Php simple Chinese word segmentation code _ PHP Tutorial

Source: Internet
Author: User
Php's simple Chinese word segmentation code. For Chinese search engines, Chinese word segmentation is one of the most basic parts of the system, because the Chinese word-based search algorithm is not very good at present. of course, this article is not for Chinese search engines. chinese word segmentation is one of the most basic parts of the entire system, because the Chinese search algorithm based on single words is not very good at present. of course, this article is not about researching Chinese search engines, but about using PHP as an in-site search engine. this is an article in this system.

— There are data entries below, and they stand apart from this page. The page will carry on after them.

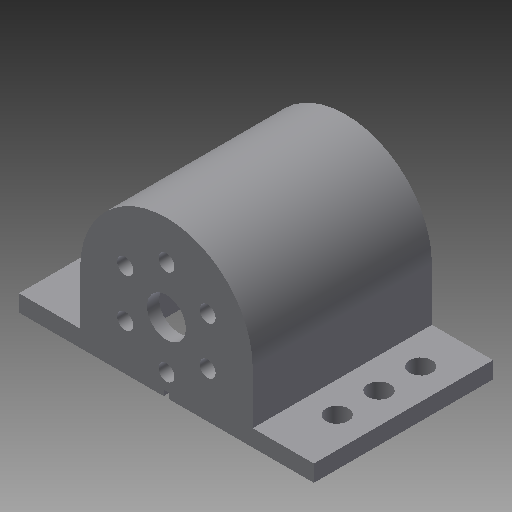
# Autodesk Inventor part: Mount gor motor TR
Saved by Autodesk Inventor 2018.1 (Build 221171000, 171)
## iProperties
Created: 2018-11-07
Part Number: Mount gor motor TR
Material: Типовые
Document SubType Name: Modeling
Designer: kostya
Density: 1 g/cm^3
Appearance: По умолчанию
Author: kostya
Autodesk Inventor part; units mm, degrees
ref_plane "YZ Plane" through (0, 0, 0) normal (1, 0, 0) x (0, 1, 0)
ref_plane "XZ Plane" through (0, 0, 0) normal (0, 1, 0) x (-1, 0, 0)
ref_plane "XY Plane" through (0, 0, 0) normal (0, 0, 1) x (1, 0, 0)
sketch "Эскиз1" plane through (0, 0, 0) normal (0, 0, 1) x (1, 0, 0)
  arc A0 (12.5, 0) -> (-12.5, 0) centre (0, 0) ccw
  line L0 (-14, -15) -> (14, 15) construction
  line L1 (14, -15) -> (-14, 15) construction
  line L2 (-14, 0) -> (14, 0) construction
  line L3 (-12.5, 0) -> (-12.5, -12.5)
  line L4 (12.5, 0) -> (12.5, -12.5)
  line L5 (-14, -12.5) -> (-12.5, -12.5)
  line L6 (12.5, -12.5) -> (14, -12.5)
  arc A1 (-12.5, 0) -> (12.5, 0) centre (0, 0) ccw construction
  line L7 (-16.5, 17.6786) -> (16.5, -17.6786) construction
  line L8 (16.5, 17.6786) -> (-16.5, -17.6786) construction
  line L9 (-16.5, -12.5) -> (-12.5, -12.5)
  line L10 (12.5, -12.5) -> (16.5, -12.5)
  arc A2 (-12.2571, 13.1326) -> (-12.5, 12.8766) centre (-1.5, 2.6786) ccw
  line L11 (16.5, -12.5) -> (26.5, -12.5)
  line L12 (0, 24.347) -> (0, -20.4254) construction
  line L13 (-16.5, -12.5) -> (-26.5, -12.5)
  line L14 (-15.5, -9.5) -> (-15.5, 0)
  arc A3 (15.5, 0) -> (-15.5, 0) centre (0, 0) ccw
  line L15 (15.5, 0) -> (15.5, -9.5)
  line L16 (-12.5, -12.5) -> (-12.5, -9.5)
  line L17 (-26.5, -12.5) -> (-12.5, -12.5)
  line L18 (-12.5, -12.5) -> (-12.5, -9.5)
  line L19 (-15.5, -9.5) -> (-26.5, -9.5)
  line L20 (-26.5, -9.5) -> (-26.5, -12.5)
  line L21 (12.5, -12.5) -> (26.5, -12.5)
  line L22 (26.5, -12.5) -> (26.5, -9.5)
  line L23 (26.5, -9.5) -> (15.5, -9.5)
  line L24 (12.5, -9.5) -> (12.5, -12.5)
  point P0 (0, 17.6786)
  dimension "d0" = 25
  dimension "d5" = 15
  dimension "d38" = 3
  dimension "d39" = 3
  constraints: 50 end point, 8 point on circle, 7 point on line, 6 perpendicular, 5 horizontal, 4 centre point, 4 midpoint, 4 parallel, 2 coincident, 2 tangent, 1 symmetric about line, 1 vertical
  measures "d0" diameter of A0
  measures "d5" radius of A2
  measures "d38" radial gap between concentric circles of A0 A3
  measures "d39" distance of L3.end L16.end
extrude "Выдавливание1" add sketch "Эскиз1" along normal mid plane 30
sketch "Эскиз7" plane through (-26.5, -9.5, 15) normal (0, 1, 0) x (1, 0, 0)
  line L0 (0, 15) -> (11, 15) construction
  line L1 (11, 30) -> (11, 0) construction
  line L2 (5.5, 0) -> (5.5, 30) construction
  line L3 (0, 30) -> (11, 30) construction
  line L4 (0, 7.5) -> (11, 7.5) construction
  line L5 (0, 22.5) -> (11, 22.5) construction
  circle A0 centre (5.5, 7.5) radius 2
  line L6 (0, 0) -> (0, 30)
  line L7 (0, 30) -> (0, 0) projected
  circle A1 centre (5.5, 15) radius 2
  circle A2 centre (5.5, 22.5) radius 2
  line L8 (26.5, 38.2442) -> (26.5, 0)
  line L9 (53, 15) -> (42, 15) construction
  line L10 (42, 30) -> (42, 0) construction
  line L11 (47.5, 0) -> (47.5, 30) construction
  line L12 (53, 30) -> (42, 30) construction
  line L13 (53, 7.5) -> (42, 7.5) construction
  line L14 (53, 22.5) -> (42, 22.5) construction
  circle A3 centre (47.5, 7.5) radius 2
  circle A4 centre (47.5, 15) radius 2
  circle A5 centre (47.5, 22.5) radius 2
  point P0 (26.5, 15)
  dimension "d40" = 4
  dimension "d41" = 4
  dimension "d42" = 4
  constraints: 24 end point, 14 symmetric about line, 6 centre point, 5 midpoint, 4 point on line, 2 perpendicular, 1 collinear, 3 other
  measures "d40" diameter of A0
  measures "d41" diameter of A1
  measures "d42" diameter of A2
extrude "Выдавливание7" cut sketch "Эскиз7" against normal blind 10
sketch "Эскиз8" plane through (0, 0, 15) normal (0, 0, 1) x (1, 0, 0)
  line L0 (-15.5, -9.5) -> (15.5, -9.5)
  constraints: 2 end point, 1 horizontal
split_face "Разделение1"
sketch "Эскиз9" plane through (0, 0, 15) normal (0, 0, 1) x (1, 0, 0)
  arc A0 (15.5, 0) -> (-15.5, 0) centre (0, 0) ccw
  line L0 (-15.5, 0) -> (-15.5, -9.5)
  line L1 (15.5, 0) -> (15.5, -9.5)
  line L2 (12.5, -12.5) -> (26.5, -12.5) projected
  line L3 (-15.5, -9.5) -> (-26.5, -9.5)
  line L4 (-26.5, -9.5) -> (-26.5, -12.5)
  line L5 (-26.5, -12.5) -> (-12.5, -12.5)
  line L6 (15.5, -9.5) -> (26.5, -9.5)
  line L7 (26.5, -9.5) -> (26.5, -12.5)
  line L8 (-12.5, -12.5) -> (12.5, -12.5)
  point P0 (-12.5, 0)
  point P1 (12.5, 0)
  point P2 (-12.5, -9.5)
  constraints: 16 end point, 3 horizontal, 2 perpendicular, 2 point on circle, 2 vertical, 1 centre point
extrude "Выдавливание8" add sketch "Эскиз9" along normal blind 2.2
sketch "Эскиз10" plane through (0, 0, 17.2) normal (0, 0, 1) x (1, 0, 0)
  arc A0 (12.5, 0) -> (-12.5, 0) centre (0, 0) ccw projected
  line L0 (12.5, 0) -> (12.5, -12.5) projected
  line L1 (-12.5, -12.5) -> (-12.5, 0) projected
  circle A1 centre (0, 0) radius 12.5 construction
  circle A2 centre (0, 0) radius 3.5
  line L2 (0, 12.5) -> (0, 10) construction
  line L3 (0, 10) -> (0, 7.1) construction
  circle A3 centre (0, 8.55) radius 1.45
  line L4 (-12.5, 0) -> (12.5, 0) construction
  circle A4 centre (-7.4045, 4.275) radius 1.45
  circle A5 centre (-7.4045, -4.275) radius 1.45
  circle A6 centre (0, -8.55) radius 1.45
  circle A7 centre (7.4045, -4.275) radius 1.45
  circle A8 centre (7.4045, 4.275) radius 1.45
  point P0 (-8.6603, 5)
  point P1 (-8.6603, -5)
  point P2 (0, -10)
  point P3 (8.6603, -5)
  point P4 (8.6603, 5)
  dimension "d47" = 7
  dimension "d48" = 2.5
  dimension "d49" = 2.9
  dimension "d52" = 360
  constraints: 6 end point, 3 vertical alignment, 2 coincident, 2 vertical, 1 centre point, 1 horizontal, 1 midpoint, 1 point on circle, 37 other
  measures "d47" diameter of A2
  measures "d48" distance of L2.start L2.end
  measures "d49" distance of L2.end L3.end
extrude "Выдавливание9" cut sketch "Эскиз10" against normal blind 3
sketch "Эскиз11" plane through (-26.5, -12.5, -15) normal (0, -1, 0) x (1, 0, 0)
  line L0 (0, 32.2) -> (53, 32.2) projected
  line L1 (26.5, 32.2) -> (26.5, 30)
  line L2 (30, 30) -> (23, 30) projected
  line L3 (27, 30) -> (26, 30)
  line L4 (26, 30) -> (26, 32.2)
  line L5 (26, 32.2) -> (27, 32.2)
  line L6 (27, 32.2) -> (27, 30)
  line L7 (27, 30) -> (26, 32.2) construction
  line L8 (26, 30) -> (27, 32.2) construction
  point P0 (26.5, 15)
  point P1 (26.5, 31.1)
  dimension "d56" = 1
  constraints: 14 end point, 5 midpoint, 2 parallel, 1 horizontal, 1 perpendicular, 1 point on line
  measures "d56" distance of L4.end L5.end
extrude "Выдавливание10" cut sketch "Эскиз11" against normal blind 1
sketch "Эскиз12" plane through (0, 0, 17.2) normal (0, 0, 1) x (1, 0, 0)
  arc A0 (15.5, 0) -> (-15.5, 0) centre (0, 0) ccw construction
  line L0 (0, 15.5) -> (0, -12.7683) construction
  constraints: 2 end point, 1 point on circle, 1 vertical

The PHP class for Chinese word segmentation is located below. the proc_open () function is used to execute the word segmentation program and interact with the program through pipelines. the text to be segmented is input to read the word segmentation result.

Class NLP {
Private static $ pai_path;

// Does not end '/'
Static function set_cmd_path ($ path ){
Self: $ pai_path = $ path;
}

Private function cmd ($ str ){
$ Descriptorspec = array (
0 => array ("pipe", "r "),
1 => array ("pipe", "w "),
);
$ Cmd = self: $ export _path. "/ictclas ";
$ Process = proc_open ($ cmd, $ descriptorspec, $ pipes );

If (is_resource ($ process )){
$ Str = iconv ('utf-8', 'gbk', $ str );
Fwrite ($ pipes [0], $ str );
$ Output = stream_get_contents ($ pipes [1]);

Fclose ($ pipes [0]);
Fclose ($ pipes [1]);

$ Return_value = proc_close ($ process );
}

/*
$ Cmd = "printf '$ input' |". self: $ pai_path. "/ictclas ";
Exec ($ cmd, $ output, $ ret );
$ Output = join ("n", $ output );
*/

$ Output = trim ($ output );
$ Output = iconv ('gbk', 'utf-8', $ output );

Return $ output;
}

/**
* Returns the word list.
*/
Function tokenize ($ str ){
$ Tokens = array ();

$ Output = self: cmd ($ input );
If ($ output ){
$ Pstutorial = preg_split ('/s +/', $ output );
Foreach ($ ps as $ p ){
List ($ seg, $ tag) = explode ('/', $ p );
$ Item = array (
'Seg' => $ seg,
'Tag' => $ tag,
);
$ Tokens [] = $ item;
}
}

Return $ tokens;
}
}
NLP: set_pai_path (dirname (_ FILE __));
?>
It is easy to use (ensure that the executable files and dictionaries after ICTCLAS compilation are in the current directory ):

Require_once ('NLP. php ');
Var_dump (NLP: tokenize ('Hello, World! '));
?>


Webmaster experience,

If you want to achieve word segmentation for search engines, you need a powerful dictionary and more intelligent Chinese pinyin, writing, habits, and other functional libraries.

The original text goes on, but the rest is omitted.